To generate this graph, I extracted the timestamps of all my published posts with the following SQL query:
SELECT UNIX_TIMESTAMP(post_date) FROM wp_posts WHERE post_type='post' AND post_status='publish' INTO OUTFILE '/tmp/timestamps.txt';
… and then I graphed it with cal-heatmap, removed in-between labels in GIMP, and used Autodesk Sketchbook Pro to hand-write new labels. =)
5 comments
Raymond Zeitler
2013-05-16T18:39:03ZI like it the way it is, but weekly would be fine, too. About 25% of your content interests me, so that translates into opening your e-mail once or twice each week. I do like how the e-mail subject is your blog post title. I can tell at a glance if it's something I'm interested in. A weekly digest would be less convenient in that regard.
I really like the graph! I just copy / yank text into emacs and use a macro to get at the dates of my posts.
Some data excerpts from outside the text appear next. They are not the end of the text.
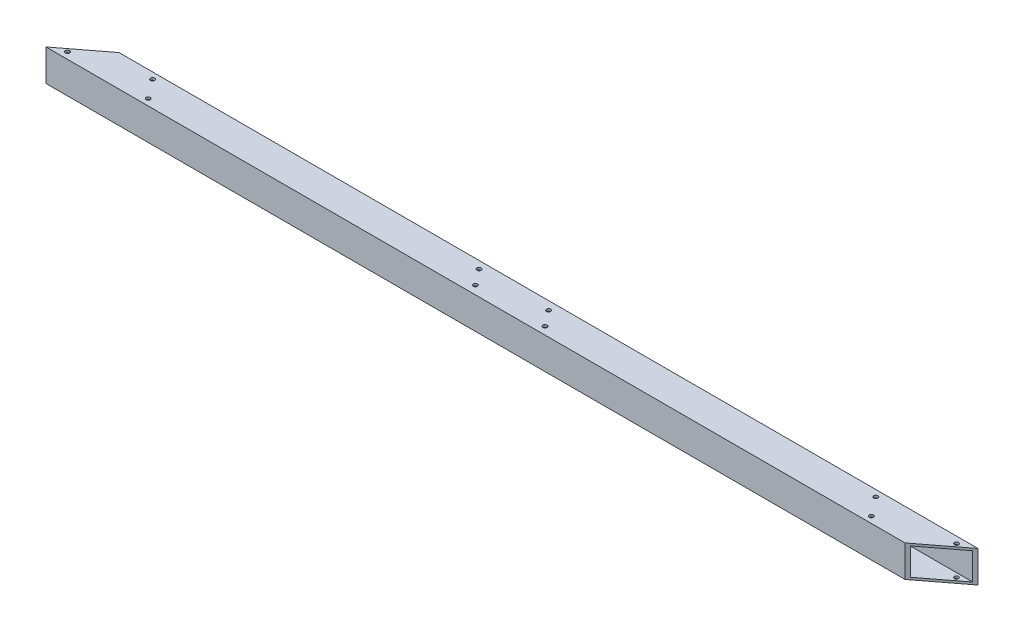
ISO-10303-21;
HEADER;
FILE_DESCRIPTION(('STEP AP214'),'2;1');
FILE_NAME('part.step','',(''),(''),'','','');
FILE_SCHEMA(('AUTOMOTIVE_DESIGN { 1 0 10303 214 1 1 1 1 }'));
ENDSEC;
DATA;
#1=APPLICATION_CONTEXT('core data for automotive mechanical design processes');
#2=APPLICATION_PROTOCOL_DEFINITION('international standard','automotive_design',2000,#1);
#3=PRODUCT_CONTEXT('',#1,'mechanical');
#4=PRODUCT('Part','Part','',(#3));
#5=PRODUCT_RELATED_PRODUCT_CATEGORY('part','',(#4));
#6=PRODUCT_DEFINITION_FORMATION('','',#4);
#7=PRODUCT_DEFINITION_CONTEXT('part definition',#1,'design');
#8=PRODUCT_DEFINITION('design','',#6,#7);
#9=PRODUCT_DEFINITION_SHAPE('','',#8);
#10=(LENGTH_UNIT() NAMED_UNIT(*) SI_UNIT(.MILLI.,.METRE.));
#11=(NAMED_UNIT(*) PLANE_ANGLE_UNIT() SI_UNIT($,.RADIAN.));
#12=(NAMED_UNIT(*) SI_UNIT($,.STERADIAN.) SOLID_ANGLE_UNIT());
#13=UNCERTAINTY_MEASURE_WITH_UNIT(LENGTH_MEASURE(1.E-05),#10,'distance_accuracy_value','');
#14=(GEOMETRIC_REPRESENTATION_CONTEXT(3) GLOBAL_UNCERTAINTY_ASSIGNED_CONTEXT((#13)) GLOBAL_UNIT_ASSIGNED_CONTEXT((#10,
#11,#12)) REPRESENTATION_CONTEXT('',''));
#15=CARTESIAN_POINT('',(0.,0.,0.));
#16=DIRECTION('',(0.,0.,1.));
#17=DIRECTION('',(1.,0.,0.));
#18=AXIS2_PLACEMENT_3D('',#15,#16,#17);
#19=CARTESIAN_POINT('',(3048.,0.,-6.66133814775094E-13));
#20=DIRECTION('',(0.,0.,-1.));
#21=DIRECTION('',(-1.,0.,0.));
#22=AXIS2_PLACEMENT_3D('',#19,#20,#21);
#23=PLANE('',#22);
#24=DIRECTION('',(-1.,0.,0.));
#25=VECTOR('',#24,1.);
#26=CARTESIAN_POINT('',(3048.,0.,-6.66133814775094E-13));
#27=LINE('',#26,#25);
#28=CARTESIAN_POINT('',(1378.39812302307,0.,0.));
#29=VERTEX_POINT('',#28);
#30=CARTESIAN_POINT('',(1.11022302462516E-13,0.,0.));
#31=VERTEX_POINT('',#30);
#32=EDGE_CURVE('E38',#29,#31,#27,.T.);
#33=ORIENTED_EDGE('',*,*,#32,.F.);
#34=DIRECTION('',(0.,1.,0.));
#35=VECTOR('',#34,1.);
#36=CARTESIAN_POINT('',(1378.39812302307,0.,2.22044604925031E-13));
#37=LINE('',#36,#35);
#38=CARTESIAN_POINT('',(1378.39812302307,50.8,0.));
#39=VERTEX_POINT('',#38);
#40=EDGE_CURVE('E251',#29,#39,#37,.T.);
#41=ORIENTED_EDGE('',*,*,#40,.T.);
#42=DIRECTION('',(-1.,0.,0.));
#43=VECTOR('',#42,1.);
#44=CARTESIAN_POINT('',(3048.,50.8,-6.66133814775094E-13));
#45=LINE('',#44,#43);
#46=CARTESIAN_POINT('',(1.11022302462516E-13,50.8,0.));
#47=VERTEX_POINT('',#46);
#48=EDGE_CURVE('E117',#39,#47,#45,.T.);
#49=ORIENTED_EDGE('',*,*,#48,.T.);
#50=DIRECTION('',(0.,-1.,0.));
#51=VECTOR('',#50,1.);
#52=CARTESIAN_POINT('',(1.11022302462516E-13,0.,0.));
#53=LINE('',#52,#51);
#54=EDGE_CURVE('E125',#47,#31,#53,.T.);
#55=ORIENTED_EDGE('',*,*,#54,.T.);
#56=EDGE_LOOP('',(#33,#41,#49,#55));
#57=FACE_BOUND('',#56,.T.);
#58=ADVANCED_FACE('F30',(#57),#23,.F.);
#59=CARTESIAN_POINT('',(3048.,0.,-6.66133814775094E-13));
#60=DIRECTION('',(0.,1.,0.));
#61=DIRECTION('',(0.,0.,1.));
#62=AXIS2_PLACEMENT_3D('',#59,#60,#61);
#63=PLANE('',#62);
#64=CARTESIAN_POINT('',(23.981912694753,0.,-10.4615786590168));
#65=DIRECTION('',(0.,-1.,0.));
#66=DIRECTION('',(0.,0.,-1.));
#67=AXIS2_PLACEMENT_3D('',#64,#65,#66);
#68=CIRCLE('',#67,3.37312000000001);
#69=CARTESIAN_POINT('',(23.981912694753,0.,-13.8346986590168));
#70=VERTEX_POINT('',#69);
#71=EDGE_CURVE('E374',#70,#70,#68,.T.);
#72=ORIENTED_EDGE('',*,*,#71,.F.);
#73=EDGE_LOOP('',(#72));
#74=FACE_BOUND('',#73,.T.);
#75=CARTESIAN_POINT('',(130.507572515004,0.,-40.5671943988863));
#76=DIRECTION('',(0.,-1.,0.));
#77=DIRECTION('',(0.,0.,-1.));
#78=AXIS2_PLACEMENT_3D('',#75,#76,#77);
#79=CIRCLE('',#78,3.37312000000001);
#80=CARTESIAN_POINT('',(130.507572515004,0.,-43.9403143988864));
#81=VERTEX_POINT('',#80);
#82=EDGE_CURVE('E179',#81,#81,#79,.T.);
#83=ORIENTED_EDGE('',*,*,#82,.F.);
#84=EDGE_LOOP('',(#83));
#85=FACE_BOUND('',#84,.T.);
#86=CARTESIAN_POINT('',(153.67607471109,0.,-10.3210292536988));
#87=DIRECTION('',(0.,-1.,0.));
#88=DIRECTION('',(0.,0.,-1.));
#89=AXIS2_PLACEMENT_3D('',#86,#87,#88);
#90=CIRCLE('',#89,3.37312000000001);
#91=CARTESIAN_POINT('',(153.67607471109,0.,-13.6941492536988));
#92=VERTEX_POINT('',#91);
#93=EDGE_CURVE('E176',#92,#92,#90,.T.);
#94=ORIENTED_EDGE('',*,*,#93,.F.);
#95=EDGE_LOOP('',(#94));
#96=FACE_BOUND('',#95,.T.);
#97=CARTESIAN_POINT('',(1420.73492080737,0.,-40.3384213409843));
#98=DIRECTION('',(0.,-1.,0.));
#99=DIRECTION('',(0.,0.,-1.));
#100=AXIS2_PLACEMENT_3D('',#97,#98,#99);
#101=CIRCLE('',#100,3.37311999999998);
#102=CARTESIAN_POINT('',(1420.73492080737,0.,-43.7115413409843));
#103=VERTEX_POINT('',#102);
#104=EDGE_CURVE('E195',#103,#103,#101,.T.);
#105=ORIENTED_EDGE('',*,*,#104,.F.);
#106=EDGE_LOOP('',(#105));
#107=FACE_BOUND('',#106,.T.);
#108=CARTESIAN_POINT('',(1291.04075879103,0.,-40.4789707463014));
#109=DIRECTION('',(0.,-1.,0.));
#110=DIRECTION('',(0.,0.,-1.));
#111=AXIS2_PLACEMENT_3D('',#108,#109,#110);
#112=CIRCLE('',#111,3.37311999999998);
#113=CARTESIAN_POINT('',(1291.04075879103,0.,-43.8520907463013));
#114=VERTEX_POINT('',#113);
#115=EDGE_CURVE('E202',#114,#114,#112,.T.);
#116=ORIENTED_EDGE('',*,*,#115,.F.);
#117=EDGE_LOOP('',(#116));
#118=FACE_BOUND('',#117,.T.);
#119=CARTESIAN_POINT('',(1314.20926098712,0.,-10.2328056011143));
#120=DIRECTION('',(0.,-1.,0.));
#121=DIRECTION('',(0.,0.,-1.));
#122=AXIS2_PLACEMENT_3D('',#119,#120,#121);
#123=CIRCLE('',#122,3.37311999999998);
#124=CARTESIAN_POINT('',(1314.20926098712,0.,-13.6059256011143));
#125=VERTEX_POINT('',#124);
#126=EDGE_CURVE('E209',#125,#125,#123,.T.);
#127=ORIENTED_EDGE('',*,*,#126,.F.);
#128=EDGE_LOOP('',(#127));
#129=FACE_BOUND('',#128,.T.);
#130=CARTESIAN_POINT('',(656.179889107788,0.,-38.6983009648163));
#131=DIRECTION('',(0.,-1.,0.));
#132=DIRECTION('',(0.,0.,-1.));
#133=AXIS2_PLACEMENT_3D('',#130,#131,#132);
#134=CIRCLE('',#133,3.39212682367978);
#135=CARTESIAN_POINT('',(656.179889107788,0.,-42.0904277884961));
#136=VERTEX_POINT('',#135);
#137=EDGE_CURVE('E216',#136,#136,#134,.T.);
#138=ORIENTED_EDGE('',*,*,#137,.F.);
#139=EDGE_LOOP('',(#138));
#140=FACE_BOUND('',#139,.T.);
#141=CARTESIAN_POINT('',(675.486974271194,0.,-13.4931633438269));
#142=DIRECTION('',(0.,-1.,0.));
#143=DIRECTION('',(0.,0.,-1.));
#144=AXIS2_PLACEMENT_3D('',#141,#142,#143);
#145=CIRCLE('',#144,3.39212682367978);
#146=CARTESIAN_POINT('',(675.486974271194,0.,-16.8852901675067));
#147=VERTEX_POINT('',#146);
#148=EDGE_CURVE('E223',#147,#147,#145,.T.);
#149=ORIENTED_EDGE('',*,*,#148,.F.);
#150=EDGE_LOOP('',(#149));
#151=FACE_BOUND('',#150,.T.);
#152=CARTESIAN_POINT('',(769.22986180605,0.,-37.306836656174));
#153=DIRECTION('',(0.,-1.,0.));
#154=DIRECTION('',(0.,0.,-1.));
#155=AXIS2_PLACEMENT_3D('',#152,#153,#154);
#156=CIRCLE('',#155,3.39212682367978);
#157=CARTESIAN_POINT('',(769.22986180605,0.,-40.6989634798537));
#158=VERTEX_POINT('',#157);
#159=EDGE_CURVE('E230',#158,#158,#156,.T.);
#160=ORIENTED_EDGE('',*,*,#159,.F.);
#161=EDGE_LOOP('',(#160));
#162=FACE_BOUND('',#161,.T.);
#163=CARTESIAN_POINT('',(788.536946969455,0.,-12.1016990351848));
#164=DIRECTION('',(0.,-1.,0.));
#165=DIRECTION('',(0.,0.,-1.));
#166=AXIS2_PLACEMENT_3D('',#163,#164,#165);
#167=CIRCLE('',#166,3.39212682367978);
#168=CARTESIAN_POINT('',(788.536946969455,0.,-15.4938258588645));
#169=VERTEX_POINT('',#168);
#170=EDGE_CURVE('E237',#169,#169,#167,.T.);
#171=ORIENTED_EDGE('',*,*,#170,.F.);
#172=EDGE_LOOP('',(#171));
#173=FACE_BOUND('',#172,.T.);
#174=DIRECTION('',(-1.,0.,0.));
#175=VECTOR('',#174,1.);
#176=CARTESIAN_POINT('',(3048.,0.,-50.8000000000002));
#177=LINE('',#176,#175);
#178=CARTESIAN_POINT('',(1444.71683350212,0.,-50.8000000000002));
#179=VERTEX_POINT('',#178);
#180=CARTESIAN_POINT('',(66.3187104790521,0.,-50.8000000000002));
#181=VERTEX_POINT('',#180);
#182=EDGE_CURVE('E122',#179,#181,#177,.T.);
#183=ORIENTED_EDGE('',*,*,#182,.F.);
#184=DIRECTION('',(0.793862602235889,0.,-0.608097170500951));
#185=VECTOR('',#184,1.);
#186=CARTESIAN_POINT('',(1444.71683350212,0.,-50.8000000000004));
#187=LINE('',#186,#185);
#188=EDGE_CURVE('E103',#29,#179,#187,.T.);
#189=ORIENTED_EDGE('',*,*,#188,.F.);
#190=ORIENTED_EDGE('',*,*,#32,.T.);
#191=DIRECTION('',(-0.793862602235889,0.,0.608097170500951));
#192=VECTOR('',#191,1.);
#193=CARTESIAN_POINT('',(1.11022302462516E-13,0.,0.));
#194=LINE('',#193,#192);
#195=EDGE_CURVE('E253',#181,#31,#194,.T.);
#196=ORIENTED_EDGE('',*,*,#195,.F.);
#197=EDGE_LOOP('',(#183,#189,#190,#196));
#198=FACE_BOUND('',#197,.T.);
#199=ADVANCED_FACE('F280',(#74,#85,#96,#107,#118,#129,#140,#151,#162,#173,#198),#63,.F.);
#200=CARTESIAN_POINT('',(3048.,0.,-50.8000000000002));
#201=DIRECTION('',(0.,0.,1.));
#202=DIRECTION('',(1.,0.,0.));
#203=AXIS2_PLACEMENT_3D('',#200,#201,#202);
#204=PLANE('',#203);
#205=ORIENTED_EDGE('',*,*,#182,.T.);
#206=DIRECTION('',(0.,1.,0.));
#207=VECTOR('',#206,1.);
#208=CARTESIAN_POINT('',(66.3187104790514,0.,-50.8000000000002));
#209=LINE('',#208,#207);
#210=CARTESIAN_POINT('',(66.3187104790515,50.8,-50.7999999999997));
#211=VERTEX_POINT('',#210);
#212=EDGE_CURVE('E109',#181,#211,#209,.T.);
#213=ORIENTED_EDGE('',*,*,#212,.T.);
#214=DIRECTION('',(-1.,0.,0.));
#215=VECTOR('',#214,1.);
#216=CARTESIAN_POINT('',(3048.,50.8,-50.8000000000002));
#217=LINE('',#216,#215);
#218=CARTESIAN_POINT('',(1444.71683350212,50.8,-50.8000000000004));
#219=VERTEX_POINT('',#218);
#220=EDGE_CURVE('E116',#219,#211,#217,.T.);
#221=ORIENTED_EDGE('',*,*,#220,.F.);
#222=DIRECTION('',(0.,-1.,0.));
#223=VECTOR('',#222,1.);
#224=CARTESIAN_POINT('',(1444.71683350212,50.8,-50.8000000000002));
#225=LINE('',#224,#223);
#226=EDGE_CURVE('E97',#219,#179,#225,.T.);
#227=ORIENTED_EDGE('',*,*,#226,.T.);
#228=EDGE_LOOP('',(#205,#213,#221,#227));
#229=FACE_BOUND('',#228,.T.);
#230=ADVANCED_FACE('F121',(#229),#204,.F.);
#231=CARTESIAN_POINT('',(3048.,50.8,-6.66133814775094E-13));
#232=DIRECTION('',(0.,-1.,0.));
#233=DIRECTION('',(0.,0.,-1.));
#234=AXIS2_PLACEMENT_3D('',#231,#232,#233);
#235=PLANE('',#234);
#236=CARTESIAN_POINT('',(23.981912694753,50.8,-10.4615786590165));
#237=DIRECTION('',(0.,-1.,0.));
#238=DIRECTION('',(0.,0.,-1.));
#239=AXIS2_PLACEMENT_3D('',#236,#237,#238);
#240=CIRCLE('',#239,3.37312000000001);
#241=CARTESIAN_POINT('',(23.981912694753,50.8,-13.8346986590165));
#242=VERTEX_POINT('',#241);
#243=EDGE_CURVE('E373',#242,#242,#240,.T.);
#244=ORIENTED_EDGE('',*,*,#243,.T.);
#245=EDGE_LOOP('',(#244));
#246=FACE_BOUND('',#245,.T.);
#247=CARTESIAN_POINT('',(130.507572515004,50.8,-40.5671943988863));
#248=DIRECTION('',(0.,-1.,0.));
#249=DIRECTION('',(0.,0.,-1.));
#250=AXIS2_PLACEMENT_3D('',#247,#248,#249);
#251=CIRCLE('',#250,3.37312000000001);
#252=CARTESIAN_POINT('',(130.507572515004,50.8,-43.9403143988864));
#253=VERTEX_POINT('',#252);
#254=EDGE_CURVE('E172',#253,#253,#251,.T.);
#255=ORIENTED_EDGE('',*,*,#254,.T.);
#256=EDGE_LOOP('',(#255));
#257=FACE_BOUND('',#256,.T.);
#258=CARTESIAN_POINT('',(153.67607471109,50.8,-10.3210292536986));
#259=DIRECTION('',(0.,-1.,0.));
#260=DIRECTION('',(0.,0.,-1.));
#261=AXIS2_PLACEMENT_3D('',#258,#259,#260);
#262=CIRCLE('',#261,3.37312000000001);
#263=CARTESIAN_POINT('',(153.67607471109,50.8,-13.6941492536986));
#264=VERTEX_POINT('',#263);
#265=EDGE_CURVE('E168',#264,#264,#262,.T.);
#266=ORIENTED_EDGE('',*,*,#265,.T.);
#267=EDGE_LOOP('',(#266));
#268=FACE_BOUND('',#267,.T.);
#269=CARTESIAN_POINT('',(1420.73492080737,50.8,-40.3384213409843));
#270=DIRECTION('',(0.,-1.,0.));
#271=DIRECTION('',(0.,0.,-1.));
#272=AXIS2_PLACEMENT_3D('',#269,#270,#271);
#273=CIRCLE('',#272,3.37311999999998);
#274=CARTESIAN_POINT('',(1420.73492080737,50.8,-43.7115413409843));
#275=VERTEX_POINT('',#274);
#276=EDGE_CURVE('E164',#275,#275,#273,.T.);
#277=ORIENTED_EDGE('',*,*,#276,.T.);
#278=EDGE_LOOP('',(#277));
#279=FACE_BOUND('',#278,.T.);
#280=CARTESIAN_POINT('',(1291.04075879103,50.8,-40.4789707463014));
#281=DIRECTION('',(0.,-1.,0.));
#282=DIRECTION('',(0.,0.,-1.));
#283=AXIS2_PLACEMENT_3D('',#280,#281,#282);
#284=CIRCLE('',#283,3.37311999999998);
#285=CARTESIAN_POINT('',(1291.04075879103,50.8,-43.8520907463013));
#286=VERTEX_POINT('',#285);
#287=EDGE_CURVE('E159',#286,#286,#284,.T.);
#288=ORIENTED_EDGE('',*,*,#287,.T.);
#289=EDGE_LOOP('',(#288));
#290=FACE_BOUND('',#289,.T.);
#291=CARTESIAN_POINT('',(1314.20926098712,50.8,-10.2328056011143));
#292=DIRECTION('',(0.,-1.,0.));
#293=DIRECTION('',(0.,0.,-1.));
#294=AXIS2_PLACEMENT_3D('',#291,#292,#293);
#295=CIRCLE('',#294,3.37311999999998);
#296=CARTESIAN_POINT('',(1314.20926098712,50.8,-13.6059256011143));
#297=VERTEX_POINT('',#296);
#298=EDGE_CURVE('E154',#297,#297,#295,.T.);
#299=ORIENTED_EDGE('',*,*,#298,.T.);
#300=EDGE_LOOP('',(#299));
#301=FACE_BOUND('',#300,.T.);
#302=CARTESIAN_POINT('',(656.179889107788,50.8,-38.6983009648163));
#303=DIRECTION('',(0.,-1.,0.));
#304=DIRECTION('',(0.,0.,-1.));
#305=AXIS2_PLACEMENT_3D('',#302,#303,#304);
#306=CIRCLE('',#305,3.39212682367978);
#307=CARTESIAN_POINT('',(656.179889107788,50.8,-42.0904277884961));
#308=VERTEX_POINT('',#307);
#309=EDGE_CURVE('E149',#308,#308,#306,.T.);
#310=ORIENTED_EDGE('',*,*,#309,.T.);
#311=EDGE_LOOP('',(#310));
#312=FACE_BOUND('',#311,.T.);
#313=CARTESIAN_POINT('',(675.486974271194,50.8,-13.4931633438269));
#314=DIRECTION('',(0.,-1.,0.));
#315=DIRECTION('',(0.,0.,-1.));
#316=AXIS2_PLACEMENT_3D('',#313,#314,#315);
#317=CIRCLE('',#316,3.39212682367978);
#318=CARTESIAN_POINT('',(675.486974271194,50.8,-16.8852901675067));
#319=VERTEX_POINT('',#318);
#320=EDGE_CURVE('E144',#319,#319,#317,.T.);
#321=ORIENTED_EDGE('',*,*,#320,.T.);
#322=EDGE_LOOP('',(#321));
#323=FACE_BOUND('',#322,.T.);
#324=CARTESIAN_POINT('',(769.22986180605,50.8,-37.306836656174));
#325=DIRECTION('',(0.,-1.,0.));
#326=DIRECTION('',(0.,0.,-1.));
#327=AXIS2_PLACEMENT_3D('',#324,#325,#326);
#328=CIRCLE('',#327,3.39212682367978);
#329=CARTESIAN_POINT('',(769.22986180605,50.8,-40.6989634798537));
#330=VERTEX_POINT('',#329);
#331=EDGE_CURVE('E139',#330,#330,#328,.T.);
#332=ORIENTED_EDGE('',*,*,#331,.T.);
#333=EDGE_LOOP('',(#332));
#334=FACE_BOUND('',#333,.T.);
#335=CARTESIAN_POINT('',(788.536946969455,50.8,-12.1016990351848));
#336=DIRECTION('',(0.,-1.,0.));
#337=DIRECTION('',(0.,0.,-1.));
#338=AXIS2_PLACEMENT_3D('',#335,#336,#337);
#339=CIRCLE('',#338,3.39212682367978);
#340=CARTESIAN_POINT('',(788.536946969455,50.8,-15.4938258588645));
#341=VERTEX_POINT('',#340);
#342=EDGE_CURVE('E134',#341,#341,#339,.T.);
#343=ORIENTED_EDGE('',*,*,#342,.T.);
#344=EDGE_LOOP('',(#343));
#345=FACE_BOUND('',#344,.T.);
#346=ORIENTED_EDGE('',*,*,#48,.F.);
#347=DIRECTION('',(0.793862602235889,0.,-0.608097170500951));
#348=VECTOR('',#347,1.);
#349=CARTESIAN_POINT('',(1444.71683350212,50.8,-50.8000000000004));
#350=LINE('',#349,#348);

The macro formats it all as CSV, and then the dates serve as the independent axis of an Excel scatterplot.
sachac
2013-05-17T03:32:54ZMmm, yes, that would be less convenient then. Maybe I can start my weekly review titles with some keywords to give people a sense of what's included, but there's only so much space of course. =)
Cal-heatmap turns out to be a handy way to see time data. I found it sometimes difficult to fight with Excel about what I wanted to have as the axes of my scatterplots, but I use Excel for lots of other charts (and pivot tables! =) ). I should probably write a blog post on how to use it and other Javascript graphing tools.
Rod Morehead
2013-05-17T04:47:16ZReally enjoy your Technology (especially Emacs) and productivity related posts.
I prefer and use RSS rather than E-mail newsletters for keeping track of new posts.
sachac
2013-05-17T13:13:59ZThanks for the encouragement! I'm looking forward to learning and sharing more about those topics. =)
I've added weekly and monthly RSS/email options, in addition to the daily one that's already there. =D Hope people find them useful!